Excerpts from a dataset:
◆ ◆ ◆

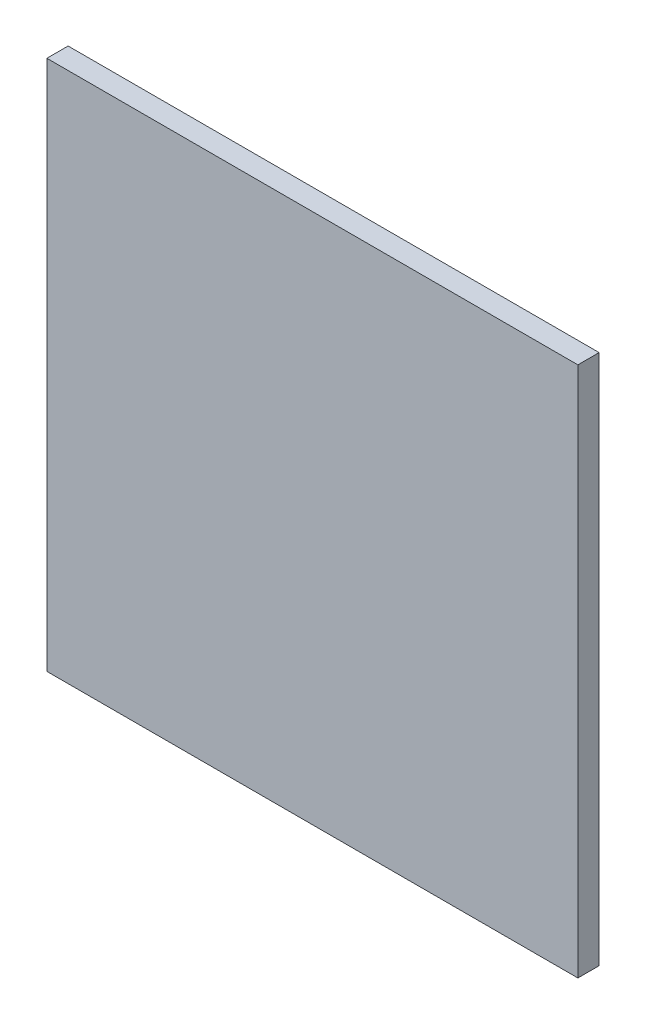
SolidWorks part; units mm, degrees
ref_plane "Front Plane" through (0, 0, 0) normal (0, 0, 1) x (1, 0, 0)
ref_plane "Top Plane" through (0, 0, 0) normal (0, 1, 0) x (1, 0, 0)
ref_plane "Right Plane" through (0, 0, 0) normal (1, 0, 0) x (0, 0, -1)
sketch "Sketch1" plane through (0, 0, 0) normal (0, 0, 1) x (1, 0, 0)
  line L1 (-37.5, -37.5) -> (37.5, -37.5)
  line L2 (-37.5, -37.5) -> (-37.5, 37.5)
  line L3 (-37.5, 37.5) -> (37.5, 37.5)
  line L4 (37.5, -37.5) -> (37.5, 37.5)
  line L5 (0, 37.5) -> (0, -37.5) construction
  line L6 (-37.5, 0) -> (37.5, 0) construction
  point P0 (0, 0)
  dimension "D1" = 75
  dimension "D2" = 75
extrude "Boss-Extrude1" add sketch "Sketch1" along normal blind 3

◆ ◆ ◆

Assigned task: Please output the data above exactly as given, omitting every picture.

Exercise solution:
SolidWorks part; units mm, degrees
ref_plane "Front Plane" through (0, 0, 0) normal (0, 0, 1) x (1, 0, 0)
ref_plane "Top Plane" through (0, 0, 0) normal (0, 1, 0) x (1, 0, 0)
ref_plane "Right Plane" through (0, 0, 0) normal (1, 0, 0) x (0, 0, -1)
sketch "Sketch1" plane through (0, 0, 0) normal (0, 0, 1) x (1, 0, 0)
  line L1 (-37.5, -37.5) -> (37.5, -37.5)
  line L2 (-37.5, -37.5) -> (-37.5, 37.5)
  line L3 (-37.5, 37.5) -> (37.5, 37.5)
  line L4 (37.5, -37.5) -> (37.5, 37.5)
  line L5 (0, 37.5) -> (0, -37.5) construction
  line L6 (-37.5, 0) -> (37.5, 0) construction
  point P0 (0, 0)
  dimension "D1" = 75
  dimension "D2" = 75
extrude "Boss-Extrude1" add sketch "Sketch1" along normal blind 3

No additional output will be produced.